#### [How to complete this task]
Below are the entries; give again exactly the lines from the one mentioning "#137=FACE_BOUND('',#136,.T.);" through the one mentioning "#193=LINE('',#192,#191);", inclusive.

#### [Data supplied]

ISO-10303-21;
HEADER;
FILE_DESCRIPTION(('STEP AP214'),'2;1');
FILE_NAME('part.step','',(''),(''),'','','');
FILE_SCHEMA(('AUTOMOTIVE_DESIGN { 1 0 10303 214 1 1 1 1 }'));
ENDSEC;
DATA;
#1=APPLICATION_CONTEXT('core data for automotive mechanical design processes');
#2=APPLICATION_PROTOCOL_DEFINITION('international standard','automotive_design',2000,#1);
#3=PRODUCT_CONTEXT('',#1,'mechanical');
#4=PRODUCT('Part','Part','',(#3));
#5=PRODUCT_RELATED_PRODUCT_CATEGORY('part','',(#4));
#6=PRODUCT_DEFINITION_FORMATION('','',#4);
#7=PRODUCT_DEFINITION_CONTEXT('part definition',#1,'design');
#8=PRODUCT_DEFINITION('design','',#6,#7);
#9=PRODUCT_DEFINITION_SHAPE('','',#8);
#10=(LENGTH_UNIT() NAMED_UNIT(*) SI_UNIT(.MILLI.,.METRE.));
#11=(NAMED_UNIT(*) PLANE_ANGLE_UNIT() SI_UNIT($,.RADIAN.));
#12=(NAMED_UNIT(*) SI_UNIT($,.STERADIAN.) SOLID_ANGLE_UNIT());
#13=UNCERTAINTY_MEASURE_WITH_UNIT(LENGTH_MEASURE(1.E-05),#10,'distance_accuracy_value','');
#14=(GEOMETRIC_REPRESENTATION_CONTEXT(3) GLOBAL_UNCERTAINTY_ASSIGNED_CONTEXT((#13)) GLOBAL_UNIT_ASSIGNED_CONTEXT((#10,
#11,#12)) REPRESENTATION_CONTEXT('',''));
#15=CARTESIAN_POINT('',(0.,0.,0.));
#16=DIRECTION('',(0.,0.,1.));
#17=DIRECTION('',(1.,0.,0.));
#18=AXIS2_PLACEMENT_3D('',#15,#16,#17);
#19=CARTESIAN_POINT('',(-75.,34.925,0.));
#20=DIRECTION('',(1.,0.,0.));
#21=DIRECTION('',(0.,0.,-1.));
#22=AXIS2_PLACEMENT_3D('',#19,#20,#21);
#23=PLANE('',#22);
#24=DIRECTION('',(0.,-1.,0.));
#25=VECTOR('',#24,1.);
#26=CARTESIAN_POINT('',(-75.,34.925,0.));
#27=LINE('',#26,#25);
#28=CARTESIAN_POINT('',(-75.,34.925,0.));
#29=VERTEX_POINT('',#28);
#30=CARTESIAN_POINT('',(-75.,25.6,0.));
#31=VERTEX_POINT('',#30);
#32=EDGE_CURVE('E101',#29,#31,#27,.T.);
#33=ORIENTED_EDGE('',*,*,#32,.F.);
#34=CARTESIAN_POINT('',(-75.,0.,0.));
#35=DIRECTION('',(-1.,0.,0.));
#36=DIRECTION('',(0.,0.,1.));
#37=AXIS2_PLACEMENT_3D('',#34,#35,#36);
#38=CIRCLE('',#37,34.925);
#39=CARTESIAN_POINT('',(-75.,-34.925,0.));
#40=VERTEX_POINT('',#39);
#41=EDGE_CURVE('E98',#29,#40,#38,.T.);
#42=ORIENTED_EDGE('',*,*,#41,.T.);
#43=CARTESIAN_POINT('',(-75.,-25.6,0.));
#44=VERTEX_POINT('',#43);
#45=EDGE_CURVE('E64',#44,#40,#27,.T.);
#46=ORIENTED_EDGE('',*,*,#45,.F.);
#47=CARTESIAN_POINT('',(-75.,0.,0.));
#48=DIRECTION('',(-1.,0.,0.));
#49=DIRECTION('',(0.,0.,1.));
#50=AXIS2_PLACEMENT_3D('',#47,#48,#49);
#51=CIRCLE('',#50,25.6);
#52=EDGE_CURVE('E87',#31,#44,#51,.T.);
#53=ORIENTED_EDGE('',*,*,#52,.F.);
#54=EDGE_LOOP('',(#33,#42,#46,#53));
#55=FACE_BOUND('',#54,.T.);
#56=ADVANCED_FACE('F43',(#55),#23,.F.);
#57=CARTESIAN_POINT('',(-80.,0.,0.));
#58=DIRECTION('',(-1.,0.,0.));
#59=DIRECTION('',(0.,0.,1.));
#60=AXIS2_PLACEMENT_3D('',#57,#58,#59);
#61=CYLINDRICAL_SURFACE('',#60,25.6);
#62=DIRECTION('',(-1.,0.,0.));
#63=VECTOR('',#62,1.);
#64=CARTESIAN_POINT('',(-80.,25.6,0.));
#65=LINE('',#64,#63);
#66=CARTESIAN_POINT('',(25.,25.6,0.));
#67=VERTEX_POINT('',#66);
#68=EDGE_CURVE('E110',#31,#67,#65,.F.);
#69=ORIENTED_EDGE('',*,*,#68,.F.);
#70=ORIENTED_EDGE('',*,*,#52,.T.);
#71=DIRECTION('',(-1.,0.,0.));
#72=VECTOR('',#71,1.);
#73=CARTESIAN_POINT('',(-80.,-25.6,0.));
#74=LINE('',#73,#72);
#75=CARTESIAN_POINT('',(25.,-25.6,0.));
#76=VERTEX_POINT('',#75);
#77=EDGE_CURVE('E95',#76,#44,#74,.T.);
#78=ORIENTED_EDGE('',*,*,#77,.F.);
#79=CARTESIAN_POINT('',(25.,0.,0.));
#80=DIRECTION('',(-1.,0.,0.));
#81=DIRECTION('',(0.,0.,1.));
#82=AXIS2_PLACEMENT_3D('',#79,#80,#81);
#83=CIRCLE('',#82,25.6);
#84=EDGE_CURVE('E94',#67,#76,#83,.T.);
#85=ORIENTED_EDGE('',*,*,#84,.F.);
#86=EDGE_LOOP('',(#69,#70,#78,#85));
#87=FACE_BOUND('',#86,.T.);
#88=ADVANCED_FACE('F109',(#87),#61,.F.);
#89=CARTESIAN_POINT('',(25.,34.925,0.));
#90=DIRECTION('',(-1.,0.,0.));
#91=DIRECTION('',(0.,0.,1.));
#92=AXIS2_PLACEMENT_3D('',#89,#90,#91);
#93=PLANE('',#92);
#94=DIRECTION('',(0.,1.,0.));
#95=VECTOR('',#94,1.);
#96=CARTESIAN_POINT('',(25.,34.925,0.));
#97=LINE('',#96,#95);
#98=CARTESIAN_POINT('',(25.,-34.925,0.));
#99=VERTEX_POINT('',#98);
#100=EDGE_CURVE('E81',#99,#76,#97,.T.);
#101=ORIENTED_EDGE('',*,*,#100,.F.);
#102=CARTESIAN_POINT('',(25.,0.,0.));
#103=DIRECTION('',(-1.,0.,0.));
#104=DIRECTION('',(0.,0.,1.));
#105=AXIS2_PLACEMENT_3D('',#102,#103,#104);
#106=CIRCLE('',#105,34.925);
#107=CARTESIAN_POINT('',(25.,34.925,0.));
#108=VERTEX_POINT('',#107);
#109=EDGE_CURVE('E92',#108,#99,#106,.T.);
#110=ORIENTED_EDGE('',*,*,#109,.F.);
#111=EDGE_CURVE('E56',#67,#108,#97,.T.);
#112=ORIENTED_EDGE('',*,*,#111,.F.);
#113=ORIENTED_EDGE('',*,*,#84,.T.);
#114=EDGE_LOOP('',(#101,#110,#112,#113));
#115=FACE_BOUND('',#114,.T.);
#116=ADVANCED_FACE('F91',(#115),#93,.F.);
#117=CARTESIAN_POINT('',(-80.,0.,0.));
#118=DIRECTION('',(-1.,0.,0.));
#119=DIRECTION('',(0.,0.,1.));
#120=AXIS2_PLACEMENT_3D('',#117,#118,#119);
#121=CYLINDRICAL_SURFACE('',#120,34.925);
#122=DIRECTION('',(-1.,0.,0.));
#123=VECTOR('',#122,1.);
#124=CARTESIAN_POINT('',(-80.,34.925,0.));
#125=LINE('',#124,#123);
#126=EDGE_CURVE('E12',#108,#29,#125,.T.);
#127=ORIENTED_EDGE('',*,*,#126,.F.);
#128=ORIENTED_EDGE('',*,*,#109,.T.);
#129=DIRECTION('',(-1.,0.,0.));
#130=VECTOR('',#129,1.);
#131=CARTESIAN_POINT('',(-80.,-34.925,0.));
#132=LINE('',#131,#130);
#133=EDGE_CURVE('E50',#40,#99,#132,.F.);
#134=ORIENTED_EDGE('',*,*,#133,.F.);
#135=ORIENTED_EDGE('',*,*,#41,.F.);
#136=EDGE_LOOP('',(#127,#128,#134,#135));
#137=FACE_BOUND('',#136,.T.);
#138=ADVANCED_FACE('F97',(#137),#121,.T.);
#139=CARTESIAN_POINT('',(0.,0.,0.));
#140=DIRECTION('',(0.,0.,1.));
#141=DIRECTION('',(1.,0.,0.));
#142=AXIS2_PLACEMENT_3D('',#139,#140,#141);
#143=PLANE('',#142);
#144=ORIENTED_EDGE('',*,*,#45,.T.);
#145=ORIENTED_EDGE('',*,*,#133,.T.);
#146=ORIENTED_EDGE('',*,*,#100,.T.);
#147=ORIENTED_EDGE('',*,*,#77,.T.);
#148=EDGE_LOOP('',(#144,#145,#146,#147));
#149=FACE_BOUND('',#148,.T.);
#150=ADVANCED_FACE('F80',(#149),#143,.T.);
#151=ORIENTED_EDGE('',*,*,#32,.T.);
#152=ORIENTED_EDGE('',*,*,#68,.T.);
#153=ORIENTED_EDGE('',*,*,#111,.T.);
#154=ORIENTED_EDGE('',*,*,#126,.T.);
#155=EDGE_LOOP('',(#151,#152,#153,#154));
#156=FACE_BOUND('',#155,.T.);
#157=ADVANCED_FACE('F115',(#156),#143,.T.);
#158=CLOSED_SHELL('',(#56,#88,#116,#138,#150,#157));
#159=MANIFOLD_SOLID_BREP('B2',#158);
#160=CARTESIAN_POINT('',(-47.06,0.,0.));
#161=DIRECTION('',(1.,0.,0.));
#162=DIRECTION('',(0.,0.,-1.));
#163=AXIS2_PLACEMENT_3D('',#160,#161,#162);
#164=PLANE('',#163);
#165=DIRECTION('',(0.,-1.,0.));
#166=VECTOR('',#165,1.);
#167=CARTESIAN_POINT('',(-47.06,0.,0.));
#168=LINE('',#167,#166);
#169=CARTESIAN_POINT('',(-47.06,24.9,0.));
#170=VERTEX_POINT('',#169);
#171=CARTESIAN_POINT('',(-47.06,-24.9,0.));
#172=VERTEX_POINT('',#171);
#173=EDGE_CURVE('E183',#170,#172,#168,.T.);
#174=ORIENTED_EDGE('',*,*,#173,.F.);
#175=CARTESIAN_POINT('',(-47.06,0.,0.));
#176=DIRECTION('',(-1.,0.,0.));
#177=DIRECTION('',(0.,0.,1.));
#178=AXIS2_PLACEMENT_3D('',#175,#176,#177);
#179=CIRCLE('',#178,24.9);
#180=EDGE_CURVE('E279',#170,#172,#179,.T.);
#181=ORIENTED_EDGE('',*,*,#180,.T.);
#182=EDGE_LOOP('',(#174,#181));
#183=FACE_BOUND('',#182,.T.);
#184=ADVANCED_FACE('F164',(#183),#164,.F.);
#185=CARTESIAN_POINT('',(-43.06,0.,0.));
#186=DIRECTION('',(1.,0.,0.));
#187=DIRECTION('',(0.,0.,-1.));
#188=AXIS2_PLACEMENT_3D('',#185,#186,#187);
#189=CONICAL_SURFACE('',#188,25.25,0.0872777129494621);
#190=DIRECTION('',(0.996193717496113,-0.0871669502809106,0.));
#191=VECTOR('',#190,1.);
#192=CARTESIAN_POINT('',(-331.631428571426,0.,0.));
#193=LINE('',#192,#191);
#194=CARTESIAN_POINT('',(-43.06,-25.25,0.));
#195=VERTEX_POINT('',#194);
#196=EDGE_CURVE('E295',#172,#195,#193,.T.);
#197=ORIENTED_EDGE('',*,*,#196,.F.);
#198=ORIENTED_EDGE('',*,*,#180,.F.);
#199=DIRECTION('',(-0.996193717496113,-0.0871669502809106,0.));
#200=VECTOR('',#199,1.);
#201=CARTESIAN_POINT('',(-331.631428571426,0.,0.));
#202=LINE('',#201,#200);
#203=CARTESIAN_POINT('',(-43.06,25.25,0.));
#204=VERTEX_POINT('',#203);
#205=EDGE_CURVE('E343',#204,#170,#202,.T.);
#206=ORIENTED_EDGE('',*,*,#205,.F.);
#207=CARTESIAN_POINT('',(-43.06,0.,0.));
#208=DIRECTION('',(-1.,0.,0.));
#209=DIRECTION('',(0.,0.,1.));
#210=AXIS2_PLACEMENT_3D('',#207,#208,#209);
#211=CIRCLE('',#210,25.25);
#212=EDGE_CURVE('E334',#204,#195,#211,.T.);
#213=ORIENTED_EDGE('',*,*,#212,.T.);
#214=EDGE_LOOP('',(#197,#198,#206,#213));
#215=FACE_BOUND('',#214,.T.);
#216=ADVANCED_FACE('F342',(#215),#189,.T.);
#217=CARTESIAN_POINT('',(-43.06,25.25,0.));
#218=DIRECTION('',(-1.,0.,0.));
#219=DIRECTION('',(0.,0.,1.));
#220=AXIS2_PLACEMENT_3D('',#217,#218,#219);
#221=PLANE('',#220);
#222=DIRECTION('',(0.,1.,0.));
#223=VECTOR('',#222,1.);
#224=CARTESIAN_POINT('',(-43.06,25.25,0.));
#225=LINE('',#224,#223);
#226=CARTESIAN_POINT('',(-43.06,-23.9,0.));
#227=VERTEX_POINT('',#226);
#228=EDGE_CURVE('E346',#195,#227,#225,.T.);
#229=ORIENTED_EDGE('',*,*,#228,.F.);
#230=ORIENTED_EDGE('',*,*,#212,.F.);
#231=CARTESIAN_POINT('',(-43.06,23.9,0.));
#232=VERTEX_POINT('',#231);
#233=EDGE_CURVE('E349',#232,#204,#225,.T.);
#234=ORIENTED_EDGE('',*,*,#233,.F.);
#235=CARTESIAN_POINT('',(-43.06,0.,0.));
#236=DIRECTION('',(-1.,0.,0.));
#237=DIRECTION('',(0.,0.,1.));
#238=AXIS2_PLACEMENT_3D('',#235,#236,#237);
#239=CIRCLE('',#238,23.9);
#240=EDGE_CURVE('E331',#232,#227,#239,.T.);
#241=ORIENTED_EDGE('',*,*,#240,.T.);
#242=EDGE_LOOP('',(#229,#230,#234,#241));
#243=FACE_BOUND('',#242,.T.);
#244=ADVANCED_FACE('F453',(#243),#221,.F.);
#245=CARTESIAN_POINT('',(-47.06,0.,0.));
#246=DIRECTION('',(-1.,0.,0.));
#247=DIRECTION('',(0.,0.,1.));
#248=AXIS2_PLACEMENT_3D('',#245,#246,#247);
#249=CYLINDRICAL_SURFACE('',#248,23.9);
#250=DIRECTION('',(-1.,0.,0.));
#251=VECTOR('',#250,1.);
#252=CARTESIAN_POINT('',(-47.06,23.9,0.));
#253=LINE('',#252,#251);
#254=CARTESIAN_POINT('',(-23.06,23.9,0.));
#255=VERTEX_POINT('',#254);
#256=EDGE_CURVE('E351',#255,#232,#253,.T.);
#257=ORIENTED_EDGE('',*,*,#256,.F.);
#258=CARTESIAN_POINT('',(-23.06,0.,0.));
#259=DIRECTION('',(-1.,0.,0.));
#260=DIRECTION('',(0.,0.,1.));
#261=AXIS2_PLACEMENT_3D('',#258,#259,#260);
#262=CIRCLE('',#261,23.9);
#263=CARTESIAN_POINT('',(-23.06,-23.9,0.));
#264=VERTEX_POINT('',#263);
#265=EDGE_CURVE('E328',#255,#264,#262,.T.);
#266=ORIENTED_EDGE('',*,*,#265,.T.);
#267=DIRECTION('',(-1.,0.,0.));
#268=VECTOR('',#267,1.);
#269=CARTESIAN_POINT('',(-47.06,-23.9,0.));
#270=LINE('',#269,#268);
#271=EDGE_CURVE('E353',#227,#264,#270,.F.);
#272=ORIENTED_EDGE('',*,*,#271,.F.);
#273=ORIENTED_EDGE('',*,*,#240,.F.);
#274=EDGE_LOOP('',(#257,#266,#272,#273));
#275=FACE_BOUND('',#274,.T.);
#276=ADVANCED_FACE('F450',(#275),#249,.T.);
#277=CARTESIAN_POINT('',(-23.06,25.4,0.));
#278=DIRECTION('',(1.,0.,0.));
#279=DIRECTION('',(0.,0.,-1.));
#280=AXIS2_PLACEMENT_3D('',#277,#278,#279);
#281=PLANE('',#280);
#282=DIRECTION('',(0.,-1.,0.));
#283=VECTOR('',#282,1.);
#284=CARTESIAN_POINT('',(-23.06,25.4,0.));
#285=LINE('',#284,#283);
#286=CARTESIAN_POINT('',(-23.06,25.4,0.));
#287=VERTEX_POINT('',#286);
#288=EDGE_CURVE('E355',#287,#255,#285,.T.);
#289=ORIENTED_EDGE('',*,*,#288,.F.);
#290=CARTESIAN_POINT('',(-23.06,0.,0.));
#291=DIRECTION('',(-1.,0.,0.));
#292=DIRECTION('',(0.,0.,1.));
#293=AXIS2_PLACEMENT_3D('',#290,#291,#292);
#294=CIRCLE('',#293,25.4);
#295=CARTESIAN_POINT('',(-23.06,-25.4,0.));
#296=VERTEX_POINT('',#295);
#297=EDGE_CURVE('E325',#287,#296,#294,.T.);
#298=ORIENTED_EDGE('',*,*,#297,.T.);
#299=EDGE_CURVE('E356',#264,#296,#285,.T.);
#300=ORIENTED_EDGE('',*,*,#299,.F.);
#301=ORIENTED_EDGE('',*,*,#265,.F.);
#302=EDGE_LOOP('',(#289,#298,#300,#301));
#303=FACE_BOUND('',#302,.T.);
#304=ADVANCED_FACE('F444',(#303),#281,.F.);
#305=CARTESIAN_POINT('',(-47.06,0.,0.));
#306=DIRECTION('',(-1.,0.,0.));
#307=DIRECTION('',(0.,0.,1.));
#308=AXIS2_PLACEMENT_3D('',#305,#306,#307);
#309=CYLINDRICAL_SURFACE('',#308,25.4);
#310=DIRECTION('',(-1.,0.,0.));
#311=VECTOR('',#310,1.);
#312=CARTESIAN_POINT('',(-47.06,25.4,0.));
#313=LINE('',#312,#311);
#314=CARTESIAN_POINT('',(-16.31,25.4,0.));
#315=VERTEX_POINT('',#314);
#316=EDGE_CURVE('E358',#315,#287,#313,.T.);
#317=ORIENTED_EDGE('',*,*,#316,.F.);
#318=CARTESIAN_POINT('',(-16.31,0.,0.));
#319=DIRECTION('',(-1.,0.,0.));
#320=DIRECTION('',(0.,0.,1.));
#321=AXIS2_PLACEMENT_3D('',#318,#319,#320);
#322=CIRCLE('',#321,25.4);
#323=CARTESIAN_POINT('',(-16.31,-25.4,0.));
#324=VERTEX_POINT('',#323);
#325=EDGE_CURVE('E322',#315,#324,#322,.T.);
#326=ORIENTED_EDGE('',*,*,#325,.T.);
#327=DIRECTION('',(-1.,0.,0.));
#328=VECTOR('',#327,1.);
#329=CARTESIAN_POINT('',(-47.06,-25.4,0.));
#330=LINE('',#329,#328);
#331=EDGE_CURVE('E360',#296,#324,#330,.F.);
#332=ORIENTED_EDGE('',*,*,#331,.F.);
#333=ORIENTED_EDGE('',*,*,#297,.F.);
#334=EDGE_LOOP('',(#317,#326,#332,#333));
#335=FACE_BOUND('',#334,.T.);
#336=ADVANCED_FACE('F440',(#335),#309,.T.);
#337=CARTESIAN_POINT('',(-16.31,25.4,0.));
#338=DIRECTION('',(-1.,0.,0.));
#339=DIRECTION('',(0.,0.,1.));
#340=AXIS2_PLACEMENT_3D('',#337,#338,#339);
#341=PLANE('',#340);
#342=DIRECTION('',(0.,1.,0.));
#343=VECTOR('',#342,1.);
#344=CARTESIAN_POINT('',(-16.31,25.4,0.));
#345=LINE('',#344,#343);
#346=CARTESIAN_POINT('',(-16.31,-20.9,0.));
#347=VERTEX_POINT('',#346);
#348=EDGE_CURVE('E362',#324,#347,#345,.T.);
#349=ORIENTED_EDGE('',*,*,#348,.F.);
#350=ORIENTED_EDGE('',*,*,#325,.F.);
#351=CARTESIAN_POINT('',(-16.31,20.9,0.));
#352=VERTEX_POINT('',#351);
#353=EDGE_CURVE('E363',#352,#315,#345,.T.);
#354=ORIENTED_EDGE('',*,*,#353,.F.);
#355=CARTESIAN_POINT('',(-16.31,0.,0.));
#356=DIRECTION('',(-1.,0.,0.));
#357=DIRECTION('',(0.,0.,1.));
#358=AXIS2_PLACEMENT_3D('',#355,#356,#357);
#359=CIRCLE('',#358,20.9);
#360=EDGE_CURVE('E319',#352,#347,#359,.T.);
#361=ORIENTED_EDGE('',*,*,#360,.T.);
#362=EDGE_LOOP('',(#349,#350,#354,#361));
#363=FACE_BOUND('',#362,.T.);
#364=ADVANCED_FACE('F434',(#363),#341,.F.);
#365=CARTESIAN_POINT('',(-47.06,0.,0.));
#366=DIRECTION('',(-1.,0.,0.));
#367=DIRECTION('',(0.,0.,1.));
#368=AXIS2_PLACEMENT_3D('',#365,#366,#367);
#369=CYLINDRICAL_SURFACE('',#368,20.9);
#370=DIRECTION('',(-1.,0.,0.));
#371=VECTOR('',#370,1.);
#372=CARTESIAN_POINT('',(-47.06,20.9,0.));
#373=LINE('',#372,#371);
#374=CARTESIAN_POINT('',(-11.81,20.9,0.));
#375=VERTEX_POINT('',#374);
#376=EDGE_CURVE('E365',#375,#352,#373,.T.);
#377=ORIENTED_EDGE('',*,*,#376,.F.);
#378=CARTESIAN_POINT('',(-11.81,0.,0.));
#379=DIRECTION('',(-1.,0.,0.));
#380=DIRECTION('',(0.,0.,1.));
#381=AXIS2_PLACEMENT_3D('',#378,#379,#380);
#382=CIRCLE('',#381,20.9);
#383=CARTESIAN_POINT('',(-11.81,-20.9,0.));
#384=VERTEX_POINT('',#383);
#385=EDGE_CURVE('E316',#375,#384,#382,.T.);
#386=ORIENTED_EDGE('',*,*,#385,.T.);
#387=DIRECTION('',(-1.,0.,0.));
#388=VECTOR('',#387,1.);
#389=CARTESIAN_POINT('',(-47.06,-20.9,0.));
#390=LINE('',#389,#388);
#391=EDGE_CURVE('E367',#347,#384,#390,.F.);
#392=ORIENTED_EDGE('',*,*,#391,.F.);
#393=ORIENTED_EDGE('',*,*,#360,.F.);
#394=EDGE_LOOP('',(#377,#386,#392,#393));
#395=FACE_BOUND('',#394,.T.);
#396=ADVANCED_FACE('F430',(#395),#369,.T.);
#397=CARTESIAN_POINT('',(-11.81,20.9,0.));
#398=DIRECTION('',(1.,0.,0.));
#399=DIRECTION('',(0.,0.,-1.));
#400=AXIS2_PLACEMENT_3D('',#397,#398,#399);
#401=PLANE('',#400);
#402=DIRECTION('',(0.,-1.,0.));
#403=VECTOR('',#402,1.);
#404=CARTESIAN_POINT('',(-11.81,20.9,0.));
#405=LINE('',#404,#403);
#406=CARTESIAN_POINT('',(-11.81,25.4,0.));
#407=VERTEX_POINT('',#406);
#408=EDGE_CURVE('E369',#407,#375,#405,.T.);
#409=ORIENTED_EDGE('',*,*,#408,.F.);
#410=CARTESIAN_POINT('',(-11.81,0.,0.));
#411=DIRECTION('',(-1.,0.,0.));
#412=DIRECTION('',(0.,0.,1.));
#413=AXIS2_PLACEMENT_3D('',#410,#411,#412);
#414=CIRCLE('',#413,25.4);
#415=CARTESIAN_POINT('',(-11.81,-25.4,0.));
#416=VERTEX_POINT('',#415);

#### [Reply]
#137=FACE_BOUND('',#136,.T.);
#138=ADVANCED_FACE('F97',(#137),#121,.T.);
#139=CARTESIAN_POINT('',(0.,0.,0.));
#140=DIRECTION('',(0.,0.,1.));
#141=DIRECTION('',(1.,0.,0.));
#142=AXIS2_PLACEMENT_3D('',#139,#140,#141);
#143=PLANE('',#142);
#144=ORIENTED_EDGE('',*,*,#45,.T.);
#145=ORIENTED_EDGE('',*,*,#133,.T.);
#146=ORIENTED_EDGE('',*,*,#100,.T.);
#147=ORIENTED_EDGE('',*,*,#77,.T.);
#148=EDGE_LOOP('',(#144,#145,#146,#147));
#149=FACE_BOUND('',#148,.T.);
#150=ADVANCED_FACE('F80',(#149),#143,.T.);
#151=ORIENTED_EDGE('',*,*,#32,.T.);
#152=ORIENTED_EDGE('',*,*,#68,.T.);
#153=ORIENTED_EDGE('',*,*,#111,.T.);
#154=ORIENTED_EDGE('',*,*,#126,.T.);
#155=EDGE_LOOP('',(#151,#152,#153,#154));
#156=FACE_BOUND('',#155,.T.);
#157=ADVANCED_FACE('F115',(#156),#143,.T.);
#158=CLOSED_SHELL('',(#56,#88,#116,#138,#150,#157));
#159=MANIFOLD_SOLID_BREP('B2',#158);
#160=CARTESIAN_POINT('',(-47.06,0.,0.));
#161=DIRECTION('',(1.,0.,0.));
#162=DIRECTION('',(0.,0.,-1.));
#163=AXIS2_PLACEMENT_3D('',#160,#161,#162);
#164=PLANE('',#163);
#165=DIRECTION('',(0.,-1.,0.));
#166=VECTOR('',#165,1.);
#167=CARTESIAN_POINT('',(-47.06,0.,0.));
#168=LINE('',#167,#166);
#169=CARTESIAN_POINT('',(-47.06,24.9,0.));
#170=VERTEX_POINT('',#169);
#171=CARTESIAN_POINT('',(-47.06,-24.9,0.));
#172=VERTEX_POINT('',#171);
#173=EDGE_CURVE('E183',#170,#172,#168,.T.);
#174=ORIENTED_EDGE('',*,*,#173,.F.);
#175=CARTESIAN_POINT('',(-47.06,0.,0.));
#176=DIRECTION('',(-1.,0.,0.));
#177=DIRECTION('',(0.,0.,1.));
#178=AXIS2_PLACEMENT_3D('',#175,#176,#177);
#179=CIRCLE('',#178,24.9);
#180=EDGE_CURVE('E279',#170,#172,#179,.T.);
#181=ORIENTED_EDGE('',*,*,#180,.T.);
#182=EDGE_LOOP('',(#174,#181));
#183=FACE_BOUND('',#182,.T.);
#184=ADVANCED_FACE('F164',(#183),#164,.F.);
#185=CARTESIAN_POINT('',(-43.06,0.,0.));
#186=DIRECTION('',(1.,0.,0.));
#187=DIRECTION('',(0.,0.,-1.));
#188=AXIS2_PLACEMENT_3D('',#185,#186,#187);
#189=CONICAL_SURFACE('',#188,25.25,0.0872777129494621);
#190=DIRECTION('',(0.996193717496113,-0.0871669502809106,0.));
#191=VECTOR('',#190,1.);
#192=CARTESIAN_POINT('',(-331.631428571426,0.,0.));
#193=LINE('',#192,#191);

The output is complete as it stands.